Differentiation theorems for BV functions of several variables, and applications
Xianrui Zhang
TL;DR
The work develops a multivariable differentiation theory for functions of bounded variation by introducing joint increments, joint derivatives, and joint monotonicity. It establishes a BV Lebesgue differentiation theorem with an optimal $L^1$ bound by the total variation, and a Jordan decomposition expressing BV functions as differences of jointly monotone components.
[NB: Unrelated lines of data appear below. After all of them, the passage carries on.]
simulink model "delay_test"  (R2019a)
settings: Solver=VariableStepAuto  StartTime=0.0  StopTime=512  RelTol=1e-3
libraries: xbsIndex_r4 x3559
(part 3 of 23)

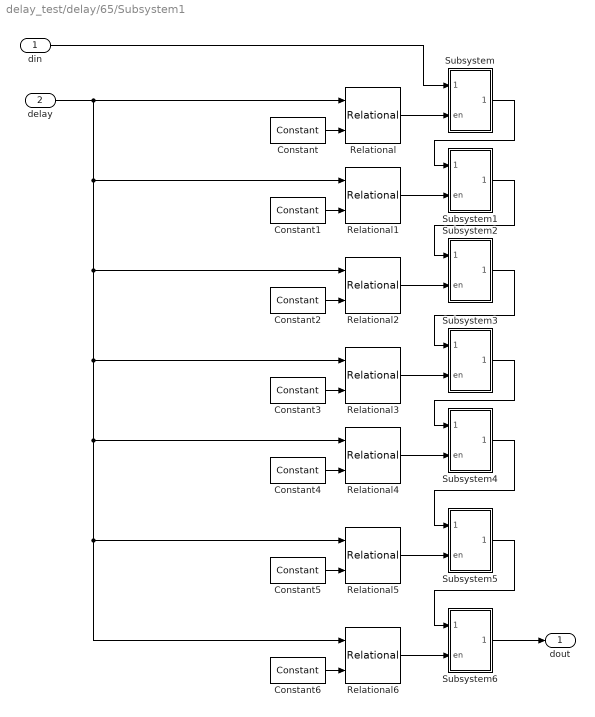
== system delay_test/delay/65/Subsystem1 ==
  din : Inport
  delay : Inport  Port=2
  Constant : xbsIndex_r4/Constant  const=0  gui_display_data_type=Fixed-point  arith_type=Unsigned  n_bits=3  bin_pt=0  preci_type=Single  exp_width=8  frac_width=24  explicit_period=on  period=1  equ=P=C  opselect=C  inp2=PCIN>>17  opr=+  inp1=P  carry=CIN  dbl_ovrd=off  block_type=constant
  Constant1 : xbsIndex_r4/Constant  const=1  gui_display_data_type=Fixed-point  arith_type=Unsigned  n_bits=3  bin_pt=0  preci_type=Single  exp_width=8  frac_width=24  explicit_period=on  period=1  equ=P=C  opselect=C  inp2=PCIN>>17  opr=+  inp1=P  carry=CIN  dbl_ovrd=off  block_type=constant
  Constant2 : xbsIndex_r4/Constant  const=2  gui_display_data_type=Fixed-point  arith_type=Unsigned  n_bits=3  bin_pt=0  preci_type=Single  exp_width=8  frac_width=24  explicit_period=on  period=1  equ=P=C  opselect=C  inp2=PCIN>>17  opr=+  inp1=P  carry=CIN  dbl_ovrd=off  block_type=constant
  Constant3 : xbsIndex_r4/Constant  const=3  gui_display_data_type=Fixed-point  arith_type=Unsigned  n_bits=3  bin_pt=0  preci_type=Single  exp_width=8  frac_width=24  explicit_period=on  period=1  equ=P=C  opselect=C  inp2=PCIN>>17  opr=+  inp1=P  carry=CIN  dbl_ovrd=off  block_type=constant
  Constant4 : xbsIndex_r4/Constant  const=4  gui_display_data_type=Fixed-point  arith_type=Unsigned  n_bits=3  bin_pt=0  preci_type=Single  exp_width=8  frac_width=24  explicit_period=on  period=1  equ=P=C  opselect=C  inp2=PCIN>>17  opr=+  inp1=P  carry=CIN  dbl_ovrd=off  block_type=constant
  Constant5 : xbsIndex_r4/Constant  const=5  gui_display_data_type=Fixed-point  arith_type=Unsigned  n_bits=3  bin_pt=0  preci_type=Single  exp_width=8  frac_width=24  explicit_period=on  period=1  equ=P=C  opselect=C  inp2=PCIN>>17  opr=+  inp1=P  carry=CIN  dbl_ovrd=off  block_type=constant
  Constant6 : xbsIndex_r4/Constant  const=6  gui_display_data_type=Fixed-point  arith_type=Unsigned  n_bits=3  bin_pt=0  preci_type=Single  exp_width=8  frac_width=24  explicit_period=on  period=1  equ=P=C  opselect=C  inp2=PCIN>>17  opr=+  inp1=P  carry=CIN  dbl_ovrd=off  block_type=constant
  Relational{,1..6} (7 alike) : xbsIndex_r4/Relational  mode=a>b  op_type=Bool  en=off  latency=1  dbl_ovrd=off  block_type=relational
  Subsystem : Subsystem
  Subsystem1 : Subsystem
  Subsystem2 : Subsystem
  Subsystem3 : Subsystem
  Subsystem4 : Subsystem
  Subsystem5 : Subsystem
  Subsystem6 : Subsystem
  dout : Outport
  wires:
  Constant3/1 -> Relational3/2
  Constant6/1 -> Relational6/2
  Constant1/1 -> Relational1/2
  Relational/1 -> Subsystem/2(en)
  Constant5/1 -> Relational5/2
  Relational1/1 -> Subsystem1/2(en)
  delay/1 -> Relational6/1, Relational5/1, Relational4/1, Relational3/1, Relational2/1, Relational1/1, Relational/1
  Constant4/1 -> Relational4/2
  Relational4/1 -> Subsystem4/2(en)
  Relational2/1 -> Subsystem2/2(en)
  Relational6/1 -> Subsystem6/2(en)
  Constant/1 -> Relational/2
  Relational5/1 -> Subsystem5/2(en)
  Relational3/1 -> Subsystem3/2(en)
  Constant2/1 -> Relational2/2
  Subsystem6/1(dout) -> dout/1
  Subsystem4/1(dout) -> Subsystem5/1(din)
  Subsystem5/1(dout) -> Subsystem6/1(din)
  Subsystem3/1(dout) -> Subsystem4/1(din)
  Subsystem2/1(dout) -> Subsystem3/1(din)
  Subsystem1/1(dout) -> Subsystem2/1(din)
  Subsystem/1(dout) -> Subsystem1/1(din)
  din/1 -> Subsystem/1(din)

== system delay_test/delay/65/delay ==
  sim_1 : Inport
  io_delay : xbsIndex_r4/Delay  rst=off  infoeditControl=Selection of Reset will increase slice count due to use of real FFs and instead of SRLs  en=off  latency=0  reg_retiming=on  dbl_ovrd=off  block_type=delay
  reint1 : xbsIndex_r4/Reinterpret  force_arith_type=on  arith_type=Unsigned  force_bin_pt=on  bin_pt=0  block_type=reinterpret
  slice_reg : xbsIndex_r4/Slice  nbits=13  boolean_output=off  mode=Lower Bit Location + Width  bit1=0  base1=MSB of Input  bit0=0  base0=LSB of Input  dbl_ovrd=off  block_type=slice
  snap2_f_200msps_64i_4096c_delay_0_delay_user_data_out : xbsIndex_r4/Gateway In  gui_display_data_type=Fixed-point  arith_type=Unsigned  n_bits=32  bin_pt=0  preci_type=Single  exp_width=8  frac_width=24  rows=1  columns=1  quantization="Round  (unbiased: +/- Inf)"  overflow=Saturate  period=1  UseAsADC=off  ADCChannel='1'  interface=None  automatic_assignment=on  address_offset=hex2dec('00')  intf_name=''  intf_description=''  default_value=0  timing_constraint=None  locs_specified=off  LOCs={}  io_standard={}  inherit_from_input=off  hdl_port=on  dbl_ovrd=off  block_type=gatewayin
  in_reg : Outport
  wires:
  reint1/1 -> in_reg/1
  slice_reg/1 -> reint1/1
  io_delay/1 -> slice_reg/1
  ? -> snap2_f_200msps_64i_4096c_delay_0_delay_user_data_out/1
  ? -> ?
  ? -> ?
  sim_1/1 -> ?
  snap2_f_200msps_64i_4096c_delay_0_delay_user_data_out/1 -> io_delay/1

== system delay_test/delay/65/delay_bram_prog_dp ==
  din : Inport
  delay : Inport  Port=2
  AddSub : xbsIndex_r4/AddSub  mode=Subtraction  use_carryin=off  use_carryout=off  en=off  latency=1  precision=User Defined  arith_type=Unsigned  n_bits=ram_bits  bin_pt=0  quantization=Truncate  overflow=Wrap  use_behavioral_HDL=on  hw_selection=Fabric  pipelined=off  use_rpm=on  dbl_ovrd=off  block_type=addsub
  Constant2 : xbsIndex_r4/Constant  const=1.0  gui_display_data_type=Fixed-point  arith_type=Boolean  n_bits=1  bin_pt=0  preci_type=Single  exp_width=8  frac_width=24  explicit_period=on  period=1  equ=P=C  opselect=C  inp2=PCIN>>17  opr=+  inp1=P  carry=CIN  dbl_ovrd=off  block_type=constant
  Constant4 : xbsIndex_r4/Constant  const=0  gui_display_data_type=Fixed-point  arith_type=Boolean  n_bits=1  bin_pt=0  preci_type=Single  exp_width=8  frac_width=24  explicit_period=on  period=1  equ=P=C  opselect=C  inp2=PCIN>>17  opr=+  inp1=P  carry=CIN  dbl_ovrd=off  block_type=constant
  Dual Port RAM : xbsIndex_r4/Dual Port RAM  depth=2^ram_bits  initVector=0  distributed_mem=Block RAM  init_a=0  init_b=0  rst_a=off  rst_b=off  en_a=off  en_b=off  latency=bram_latency  write_mode_A=Read After Write  write_mode_B=Read Before Write  optimize=Area  dbl_ovrd=off  block_type=dpram
  Terminator : Terminator
  wr_addr : xbsIndex_r4/Counter  cnt_type=Free Running  cnt_to=Inf  operation=Up  start_count=0  cnt_by_val=1  arith_type=Unsigned  n_bits=ram_bits  bin_pt=0  load_pin=off  rst=off  en=off  explicit_period=on  period=1  use_behavioral_HDL=on  implementation=Fabric  use_rpm=on  dbl_ovrd=off  block_type=counter
  dout : Outport
  wires:
  Dual Port RAM/2 -> dout/1
  Dual Port RAM/1 -> Terminator/1
  Constant4/1 -> Dual Port RAM/6
  Constant2/1 -> Dual Port RAM/3
  AddSub/1 -> Dual Port RAM/4
  din/1 -> Dual Port RAM/5, Dual Port RAM/2
  wr_addr/1 -> Dual Port RAM/1, AddSub/1
  delay/1 -> AddSub/2

== system delay_test/delay/Subsystem/0 ==
  din : Inport
  delay : Inport  Port=2
  Slice : xbsIndex_r4/Slice  nbits=10  boolean_output=off  mode=Lower Bit Location + Width  bit1=0  base1=MSB of Input  bit0=0  base0=LSB of Input  dbl_ovrd=off  block_type=slice
  Slice1 : xbsIndex_r4/Slice  nbits=3  boolean_output=off  mode=Lower Bit Location + Width  bit1=0  base1=MSB of Input  bit0=10  base0=LSB of Input  dbl_ovrd=off  block_type=slice
  Subsystem1 : Subsystem
  delay_bram_prog_dp : Subsystem  AncestorBlock=casper_library_delays/delay_bram_prog_dp  mask(delay_bram_prog_dp){ram_bits=max_delay_bits-3, bram_latency=2, async=off}
      mask prompts: ram_bits "Max delay (2^?)"; bram_latency "BRAM latency"; async "asynchronous operation"
      mask init:
      | delay_bram_prog_dp_init(gcb, ...
      |     'ram_bits', ram_bits, ...
      |     'bram_latency', bram_latency, ...
      |     'async', async);
  dout : Outport
  wires:
  Subsystem1/1(dout) -> dout/1
  delay_bram_prog_dp/1(dout) -> Subsystem1/1(din)
  Slice1/1 -> Subsystem1/2(delay)
  Slice/1 -> delay_bram_prog_dp/2(delay)
  delay/1 -> Slice/1, Slice1/1
  din/1 -> delay_bram_prog_dp/1(din)

== system delay_test/delay/Subsystem/1 ==
  din : Inport
  delay : Inport  Port=2
  Slice : xbsIndex_r4/Slice  nbits=10  boolean_output=off  mode=Lower Bit Location + Width  bit1=0  base1=MSB of Input  bit0=0  base0=LSB of Input  dbl_ovrd=off  block_type=slice
  Slice1 : xbsIndex_r4/Slice  nbits=3  boolean_output=off  mode=Lower Bit Location + Width  bit1=0  base1=MSB of Input  bit0=10  base0=LSB of Input  dbl_ovrd=off  block_type=slice
  Subsystem1 : Subsystem
  delay_bram_prog_dp : Subsystem  AncestorBlock=casper_library_delays/delay_bram_prog_dp  mask(delay_bram_prog_dp){ram_bits=max_delay_bits-3, bram_latency=2, async=off}
      mask prompts: ram_bits "Max delay (2^?)"; bram_latency "BRAM latency"; async "asynchronous operation"
      mask init:
      | delay_bram_prog_dp_init(gcb, ...
      |     'ram_bits', ram_bits, ...
      |     'bram_latency', bram_latency, ...
      |     'async', async);
  dout : Outport
  wires:
  din/1 -> delay_bram_prog_dp/1(din)
  delay/1 -> Slice1/1, Slice/1
  Slice/1 -> delay_bram_prog_dp/2(delay)
  Slice1/1 -> Subsystem1/2(delay)
  delay_bram_prog_dp/1(dout) -> Subsystem1/1(din)
  Subsystem1/1(dout) -> dout/1

== system delay_test/delay/Subsystem/10 ==
  din : Inport
  delay : Inport  Port=2
  Slice : xbsIndex_r4/Slice  nbits=10  boolean_output=off  mode=Lower Bit Location + Width  bit1=0  base1=MSB of Input  bit0=0  base0=LSB of Input  dbl_ovrd=off  block_type=slice
  Slice1 : xbsIndex_r4/Slice  nbits=3  boolean_output=off  mode=Lower Bit Location + Width  bit1=0  base1=MSB of Input  bit0=10  base0=LSB of Input  dbl_ovrd=off  block_type=slice
  Subsystem1 : Subsystem
  delay_bram_prog_dp : Subsystem  AncestorBlock=casper_library_delays/delay_bram_prog_dp  mask(delay_bram_prog_dp){ram_bits=max_delay_bits-3, bram_latency=2, async=off}
      mask prompts: ram_bits "Max delay (2^?)"; bram_latency "BRAM latency"; async "asynchronous operation"
      mask init:
      | delay_bram_prog_dp_init(gcb, ...
      |     'ram_bits', ram_bits, ...
      |     'bram_latency', bram_latency, ...
      |     'async', async);
  dout : Outport
  wires:
  Subsystem1/1(dout) -> dout/1
  delay_bram_prog_dp/1(dout) -> Subsystem1/1(din)
  Slice1/1 -> Subsystem1/2(delay)
  Slice/1 -> delay_bram_prog_dp/2(delay)
  delay/1 -> Slice/1, Slice1/1
  din/1 -> delay_bram_prog_dp/1(din)

== system delay_test/delay/Subsystem/11 ==
  din : Inport
  delay : Inport  Port=2
  Slice : xbsIndex_r4/Slice  nbits=10  boolean_output=off  mode=Lower Bit Location + Width  bit1=0  base1=MSB of Input  bit0=0  base0=LSB of Input  dbl_ovrd=off  block_type=slice
  Slice1 : xbsIndex_r4/Slice  nbits=3  boolean_output=off  mode=Lower Bit Location + Width  bit1=0  base1=MSB of Input  bit0=10  base0=LSB of Input  dbl_ovrd=off  block_type=slice
  Subsystem1 : Subsystem
  delay_bram_prog_dp : Subsystem  AncestorBlock=casper_library_delays/delay_bram_prog_dp  mask(delay_bram_prog_dp){ram_bits=max_delay_bits-3, bram_latency=2, async=off}
      mask prompts: ram_bits "Max delay (2^?)"; bram_latency "BRAM latency"; async "asynchronous operation"
      mask init:
      | delay_bram_prog_dp_init(gcb, ...
      |     'ram_bits', ram_bits, ...
      |     'bram_latency', bram_latency, ...
      |     'async', async);
  dout : Outport
  wires:
  din/1 -> delay_bram_prog_dp/1(din)
  delay/1 -> Slice1/1, Slice/1
  Slice/1 -> delay_bram_prog_dp/2(delay)
  Slice1/1 -> Subsystem1/2(delay)
  delay_bram_prog_dp/1(dout) -> Subsystem1/1(din)
  Subsystem1/1(dout) -> dout/1

== system delay_test/delay/Subsystem/12 ==
  din : Inport
  delay : Inport  Port=2
  Slice : xbsIndex_r4/Slice  nbits=10  boolean_output=off  mode=Lower Bit Location + Width  bit1=0  base1=MSB of Input  bit0=0  base0=LSB of Input  dbl_ovrd=off  block_type=slice
  Slice1 : xbsIndex_r4/Slice  nbits=3  boolean_output=off  mode=Lower Bit Location + Width  bit1=0  base1=MSB of Input  bit0=10  base0=LSB of Input  dbl_ovrd=off  block_type=slice
  Subsystem1 : Subsystem
  delay_bram_prog_dp : Subsystem  AncestorBlock=casper_library_delays/delay_bram_prog_dp  mask(delay_bram_prog_dp){ram_bits=max_delay_bits-3, bram_latency=2, async=off}
      mask prompts: ram_bits "Max delay (2^?)"; bram_latency "BRAM latency"; async "asynchronous operation"
      mask init:
      | delay_bram_prog_dp_init(gcb, ...
      |     'ram_bits', ram_bits, ...
      |     'bram_latency', bram_latency, ...
      |     'async', async);
  dout : Outport
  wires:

A Fubini-type differentiation theorem for infinite series of jointly monotone functions extends classical differentiation results to the multivariable setting. The authors also connect AC, BV, and derivative integrals through complementary corollaries, and provide a Riesz-type result for the interchange of derivatives with sums. Collectively, this yields a cohesive framework for differentiation in multiple variables with precise a.e. and integrability conclusions, suitable for analysis and geometric measure theory applications.
Abstract
We extend the classical Lebesgue and Fubini differentiation theorems to functions of several variables, using the notions of joint derivative and joint monotonicity. Our first main result shows that for a function $f$ of bounded variation, the joint derivative exists almost everywhere, its $L^1$ norm is bounded by the total variation of $f$, and equality in this bound characterizes absolute continuity. Our second main result shows that, for a convergent series of jointly monotone increasing functions, the joint derivative of the sum equals the sum of the joint derivatives almost everywhere.